In the records below, find each line that holds "diagram" and return it.

Recorded data:
━━━━━━━━━━━━━━━━

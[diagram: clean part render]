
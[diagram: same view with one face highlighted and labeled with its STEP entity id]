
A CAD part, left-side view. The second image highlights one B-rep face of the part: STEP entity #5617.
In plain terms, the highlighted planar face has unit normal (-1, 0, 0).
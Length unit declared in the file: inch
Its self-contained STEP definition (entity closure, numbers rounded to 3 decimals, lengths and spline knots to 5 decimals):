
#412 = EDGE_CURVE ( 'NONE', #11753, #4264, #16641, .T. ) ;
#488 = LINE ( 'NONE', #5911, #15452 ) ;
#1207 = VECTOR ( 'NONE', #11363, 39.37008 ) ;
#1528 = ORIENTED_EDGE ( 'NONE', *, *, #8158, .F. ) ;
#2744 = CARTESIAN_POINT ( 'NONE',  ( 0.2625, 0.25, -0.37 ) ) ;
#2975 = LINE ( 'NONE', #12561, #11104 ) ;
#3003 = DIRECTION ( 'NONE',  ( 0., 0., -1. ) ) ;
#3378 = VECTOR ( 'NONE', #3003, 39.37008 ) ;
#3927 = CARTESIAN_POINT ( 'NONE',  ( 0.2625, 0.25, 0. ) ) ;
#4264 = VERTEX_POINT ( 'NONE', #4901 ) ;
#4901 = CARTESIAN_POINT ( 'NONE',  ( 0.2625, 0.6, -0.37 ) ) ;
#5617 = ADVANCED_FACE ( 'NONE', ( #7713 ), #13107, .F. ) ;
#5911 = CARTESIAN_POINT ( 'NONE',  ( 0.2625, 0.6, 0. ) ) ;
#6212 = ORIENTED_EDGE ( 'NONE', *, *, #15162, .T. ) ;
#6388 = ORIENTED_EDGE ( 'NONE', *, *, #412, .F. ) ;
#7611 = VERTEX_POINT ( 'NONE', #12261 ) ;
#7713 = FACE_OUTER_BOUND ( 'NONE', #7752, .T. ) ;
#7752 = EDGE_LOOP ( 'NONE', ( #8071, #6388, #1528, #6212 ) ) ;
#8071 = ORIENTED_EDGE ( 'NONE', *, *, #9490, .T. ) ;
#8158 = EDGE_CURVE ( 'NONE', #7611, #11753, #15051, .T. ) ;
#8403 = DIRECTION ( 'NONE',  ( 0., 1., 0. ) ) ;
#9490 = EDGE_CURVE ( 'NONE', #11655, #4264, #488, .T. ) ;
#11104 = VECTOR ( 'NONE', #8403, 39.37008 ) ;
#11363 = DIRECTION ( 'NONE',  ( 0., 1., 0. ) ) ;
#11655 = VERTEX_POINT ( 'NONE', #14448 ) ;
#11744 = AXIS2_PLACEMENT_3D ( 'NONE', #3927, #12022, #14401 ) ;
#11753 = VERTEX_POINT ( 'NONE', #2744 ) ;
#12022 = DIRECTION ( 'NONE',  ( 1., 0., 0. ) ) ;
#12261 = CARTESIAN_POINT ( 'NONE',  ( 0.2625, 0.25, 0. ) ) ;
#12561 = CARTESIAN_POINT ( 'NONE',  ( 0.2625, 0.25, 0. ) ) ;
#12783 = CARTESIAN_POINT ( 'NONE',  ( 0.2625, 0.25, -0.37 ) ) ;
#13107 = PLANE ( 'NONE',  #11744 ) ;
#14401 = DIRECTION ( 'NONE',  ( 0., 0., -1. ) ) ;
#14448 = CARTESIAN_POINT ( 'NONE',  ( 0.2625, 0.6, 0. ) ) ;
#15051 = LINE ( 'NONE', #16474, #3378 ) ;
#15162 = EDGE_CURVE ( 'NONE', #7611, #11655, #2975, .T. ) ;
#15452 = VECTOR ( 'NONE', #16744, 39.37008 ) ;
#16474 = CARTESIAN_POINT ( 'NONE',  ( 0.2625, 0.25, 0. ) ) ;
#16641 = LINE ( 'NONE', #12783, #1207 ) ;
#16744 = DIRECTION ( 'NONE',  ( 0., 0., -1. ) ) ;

━━━━━━━━━━━━━━━━

REPLY TO THE TASK:
[diagram: clean part render]
[diagram: same view with one face highlighted and labeled with its STEP entity id]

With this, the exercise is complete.